Reproduce precisely the lines of the listing below, starting with the line that contains "(0, 0) A0.centre" and stopping after the line that contains "of L15.start L15.end"; include nothing else.

#### [Records]
════════════════════
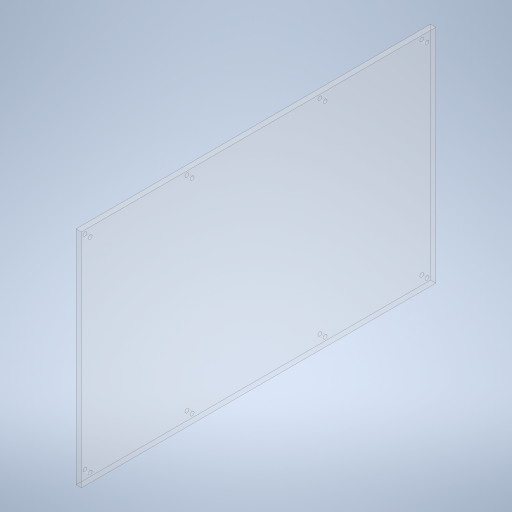
# Autodesk Inventor part: Perspex_plaat
Saved by Autodesk Inventor 2023 (Build 270158000, 158)
## iProperties
Created: 2022-09-12
Part Number: Perspex_plaat
Material: Polycarbonate, Clear
Document SubType Name: Modeling
Designer: VoorL
Density: 1.2 g/cm^3
Appearance: Polycarbonate - Clear
Author: VoorL
Autodesk Inventor part; units mm, degrees
ref_plane "YZ Plane" through (0, 0, 0) normal (1, 0, 0) x (0, 1, 0)
ref_plane "XZ Plane" through (0, 0, 0) normal (0, 1, 0) x (-1, 0, 0)
ref_plane "XY Plane" through (0, 0, 0) normal (0, 0, 1) x (1, 0, 0)
sketch "Sketch1" plane through (0, 0, 0) normal (1, 0, 0) x (0, 1, 0)
  line L0 (-125, 200) -> (125, 200)
  line L1 (125, 200) -> (125, -200)
  line L2 (125, -200) -> (-125, -200)
  line L3 (-125, -200) -> (-125, 200)
  line L4 (-125, 200) -> (125, -200) construction
  line L5 (125, 200) -> (-125, -200) construction
  point P0 (0, 0)
  dimension "d0" = 250
  dimension "d1" = 400
  constraints: 12 end point, 2 midpoint, 2 parallel, 1 horizontal, 1 perpendicular
  measures "d0" distance of L1.end L2.end
  measures "d1" distance of L0.end L1.end
extrude "Extrusion1" add sketch "Sketch1" along normal blind 6
sketch "Sketch2" plane through (6, 0, 0) normal (1, 0, 0) x (0, 0, -1)
  line L0 (-190, -115) -> (190, -115) construction
  line L1 (190, -115) -> (190, 115) construction
  line L2 (190, 115) -> (-190, 115) construction
  line L3 (-190, 115) -> (-190, -115) construction
  line L4 (-190, -115) -> (190, 115) construction
  line L5 (190, -115) -> (-190, 115) construction
  line L6 (-75, -115) -> (75, -115) construction
  line L7 (75, -115) -> (75, 115) construction
  line L8 (75, 115) -> (-75, 115) construction
  line L9 (-75, 115) -> (-75, -115) construction
  line L10 (-75, -115) -> (75, 115) construction
  line L11 (75, -115) -> (-75, 115) construction
  point P0 (0, 0)
  dimension "d4" = 380
  dimension "d5" = 230
  dimension "d6" = 150
  dimension "d7" = 230
  constraints: 24 end point, 4 midpoint, 4 parallel, 2 horizontal, 2 perpendicular
  measures "d4" distance of L2.end L1.end
  measures "d5" distance of L1.end L0.end
  measures "d6" distance of L8.end L7.end
  measures "d7" distance of L7.end L6.end
hole "Hole1" at (6, -115, 190) at (6, 115, -190) at (6, -115, -190) at (6, 115, 190) at (6, -115, 75) at (6, 115, -75) at (6, -115, -75) at (6, 115, 75) direction (-1, 0, 0) diameter 4.5 end through all
body "Solid1"
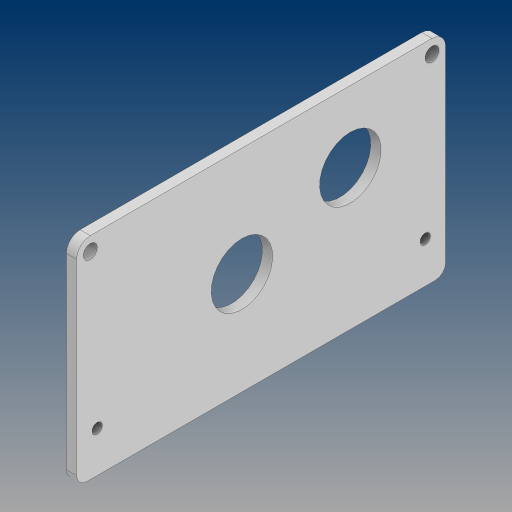
# Autodesk Inventor part: Intake Pivot Gearbox
Saved by Autodesk Inventor 2024.3 (Build 283343000, 343)
## iProperties
Created: 2024-08-01
Part Number: Intake Pivot Gearbox
Material: Generic
Document SubType Name: Modeling
Designer: Kenji
Density: 1 g/cm^3
Appearance: Default
Author: Kenji
Autodesk Inventor part; units mm, degrees
ref_plane "YZ Plane" through (0, 0, 0) normal (1, 0, 0) x (0, 1, 0)
ref_plane "XZ Plane" through (0, 0, 0) normal (0, 1, 0) x (-1, 0, 0)
ref_plane "XY Plane" through (0, 0, 0) normal (0, 0, 1) x (1, 0, 0)
sketch "Sketch1" plane through (0, 0, 0) normal (1, 0, 0) x (0, 1, 0)
  circle A0 centre (65.1002, 0) radius 14.2875
  circle A1 centre (65.1002, 0) radius 31.115 construction
  circle A2 centre (65.1002, 93.9109) radius 10.16
  circle A3 centre (47.4853, 50.3475) radius 36.83 construction
  circle A4 centre (47.4853, 50.3475) radius 22.86 construction
  circle A5 centre (65.1002, 0) radius 30.48 construction
  circle A6 centre (65.1002, 93.9109) radius 30 construction
  circle A7 centre (65.1002, 93.9109) radius 25.4 construction
  circle A8 centre (47.4853, 50.3475) radius 14.2875
  circle A9 centre (47.4853, 50.3475) radius 7.62 construction
  circle A10 centre (19.05, -34.7726) radius 2.3812
  circle A11 centre (19.05, 117.6274) radius 2.3876
  circle A12 centre (47.4853, 50.3475) radius 38.1 construction
  circle A13 centre (65.1002, 0) radius 31.75 construction
  circle A14 centre (91.7702, 120.8024) radius 6.35 construction
  circle A15 centre (91.7702, -37.9476) radius 6.35 construction
  line L0 (88.1189, -32.7523) -> (83.3566, -25.9763) construction
  line L1 (98.1202, 120.8024) -> (98.1202, -37.9476)
  circle A16 centre (91.7702, 120.8024) radius 3.2512
  circle A17 centre (91.7702, -37.9476) radius 3.2512
  line L2 (0, 127.1524) -> (0, 108.1024) construction
  line L3 (0, 108.1024) -> (28.575, 108.1024) construction
  line L4 (28.575, 108.1024) -> (28.575, 127.1524) construction
  line L5 (28.575, -25.2476) -> (0, -25.2476) construction
  line L6 (0, -25.2476) -> (0, -44.2976) construction
  line L7 (28.575, -44.2976) -> (28.575, -25.2476) construction
  line L8 (28.3112, 127.1524) -> (91.7702, 127.1524)
  line L9 (91.7702, -44.2976) -> (28.575, -44.2976)
  line L10 (0, 122.3772) -> (0, -39.5224)
  arc A18 (91.7702, -44.2976) -> (98.1202, -37.9476) centre (91.7702, -37.9476) ccw
  arc A19 (98.1202, 120.8024) -> (91.7702, 127.1524) centre (91.7702, 120.8024) ccw
  line L11 (28.838, 127.1524) -> (4.7752, 127.1524)
  line L12 (28.575, -44.2976) -> (4.7752, -44.2976)
  arc A20 (28.575, -44.2976) -> (28.575, -44.2976) centre (28.575, -39.5224) ccw
  arc A21 (4.7752, 127.1524) -> (0, 122.3772) centre (4.7752, 122.3772) ccw
  arc A22 (0, -39.5224) -> (4.7752, -44.2976) centre (4.7752, -39.5224) ccw
  circle A23 centre (47.4853, 50.3475) radius 24.13 construction
  line L13 (90.5002, 93.9109) -> (65.1002, 93.9109) construction
  line L14 (98.1202, 0) -> (96.8502, 0) construction
  line L15 (87.2987, 116.2937) -> (86.2255, 115.2117) construction
  line L16 (65.1002, 93.9109) -> (89.7457, 100.0557) construction
  circle A24 centre (89.7457, 100.0557) radius 2.75
  circle A25 centre (78.1822, 115.683) radius 2.75
  circle A26 centre (58.9554, 118.5564) radius 2.75
  circle A27 centre (43.3282, 106.9929) radius 2.75
  circle A28 centre (40.4547, 87.7661) radius 2.75
  circle A29 centre (52.0182, 72.1389) radius 2.75
  circle A30 centre (71.245, 69.2654) radius 2.75
  circle A31 centre (86.8722, 80.829) radius 2.75
  point P0 (0, 0)
  point P1 (28.575, 117.6274)
  dimension "d10" = 60
  dimension "d0" = 28.575
  dimension "d1" = 65.1002
  dimension "d2" = 62.23
  dimension "d6" = 20.32
  dimension "d7" = 73.66
  dimension "d8" = 45.72
  dimension "d9" = 60.96
  dimension "d11" = 50.8
  dimension "d17" = 28.575
  dimension "d18" = 15.24
  dimension "d20" = 4.7625
  dimension "d22" = 4.7752
  dimension "d24" = 19.05
  dimension "d28" = 63.5
  dimension "d31" = 12.7
  dimension "d32" = 12.7
  dimension "d35" = 6.5024
  dimension "d36" = 6.5024
  dimension "d37" = 19.05
  dimension "d38" = 9.525
  dimension "d39" = 9.525
  dimension "d40" = 9.525
  dimension "d43" = 4.7752
  dimension "d45" = 4.7752
  dimension "d46" = 4.7752
  dimension "d47" = 1.27
  dimension "d48" = 117.6274
  dimension "d49" = 152.4
  dimension "d52" = 1.27
  dimension "d55" = 1.27
  dimension "d56" = 1.524
  dimension "d57" = 14
  dimension "d58" = 5.5
  dimension "d61" = 360
  constraints: 34 end point, 31 centre point, 20 point on circle, 15 coincident, 14 point on line, 13 tangent, 7 horizontal, 5 vertical alignment, 2 collinear, 2 horizontal alignment, 2 parallel, 2 perpendicular, 1 concentric, 1 midpoint, 1 vertical, 20 other
  measures "d0" diameter of A0
  measures "d1" distance of point (0, 0) A0.centre
  measures "d2" diameter of A1
  measures "d6" diameter of A2
  measures "d7" diameter of A3
  measures "d8" diameter of A4
  measures "d9" diameter of A5
  measures "d11" diameter of A7
  measures "d17" diameter of A8
  measures "d18" diameter of A9
  measures "d20" diameter of A10
  measures "d22" diameter of A11
  measures "d24" horizontal distance of point (0, 0) A10.centre
  measures "d28" diameter of A13
  measures "d31" diameter of A14
  measures "d32" diameter of A15
  measures "d35" diameter of A16
  measures "d36" diameter of A17
  measures "d37" distance of L2.end L2.start
  measures "d38" distance from line of L3 A11.centre
  measures "d39" distance of A11.centre point (28.575, 117.627)
  measures "d40" distance from line of L5 A10.centre
  measures "d43" radius of A20
  measures "d45" radius of A21
  measures "d46" radius of A22
  measures "d47" radial gap between concentric circles of A3 A12
  measures "d48" vertical distance of A11.centre point (0, 0)
  measures "d49" distance of A10.centre A11.centre
  measures "d52" radial gap between concentric circles of A4 A23
  measures "d55" distance of L14.start L14.end
  measures "d56" distance of L15.start L15.end
  measures "d57" angle of L13 L16
  measures "d58" diameter of A24
extrude "Extrusion1" add sketch "Sketch1" along normal blind 4.7625 contours A2 | A20 | L1 A18 L9 L12 A22 L10 A21 L11 L8 A19 | A24 | A25 | A26 | A27 | A28 | A29 | A30 | A31
body "Solid1"
════════════════════
#### [Expected answer]
  measures "d1" distance of point (0, 0) A0.centre
  measures "d2" diameter of A1
  measures "d6" diameter of A2
  measures "d7" diameter of A3
  measures "d8" diameter of A4
  measures "d9" diameter of A5
  measures "d11" diameter of A7
  measures "d17" diameter of A8
  measures "d18" diameter of A9
  measures "d20" diameter of A10
  measures "d22" diameter of A11
  measures "d24" horizontal distance of point (0, 0) A10.centre
  measures "d28" diameter of A13
  measures "d31" diameter of A14
  measures "d32" diameter of A15
  measures "d35" diameter of A16
  measures "d36" diameter of A17
  measures "d37" distance of L2.end L2.start
  measures "d38" distance from line of L3 A11.centre
  measures "d39" distance of A11.centre point (28.575, 117.627)
  measures "d40" distance from line of L5 A10.centre
  measures "d43" radius of A20
  measures "d45" radius of A21
  measures "d46" radius of A22
  measures "d47" radial gap between concentric circles of A3 A12
  measures "d48" vertical distance of A11.centre point (0, 0)
  measures "d49" distance of A10.centre A11.centre
  measures "d52" radial gap between concentric circles of A4 A23
  measures "d55" distance of L14.start L14.end
  measures "d56" distance of L15.start L15.end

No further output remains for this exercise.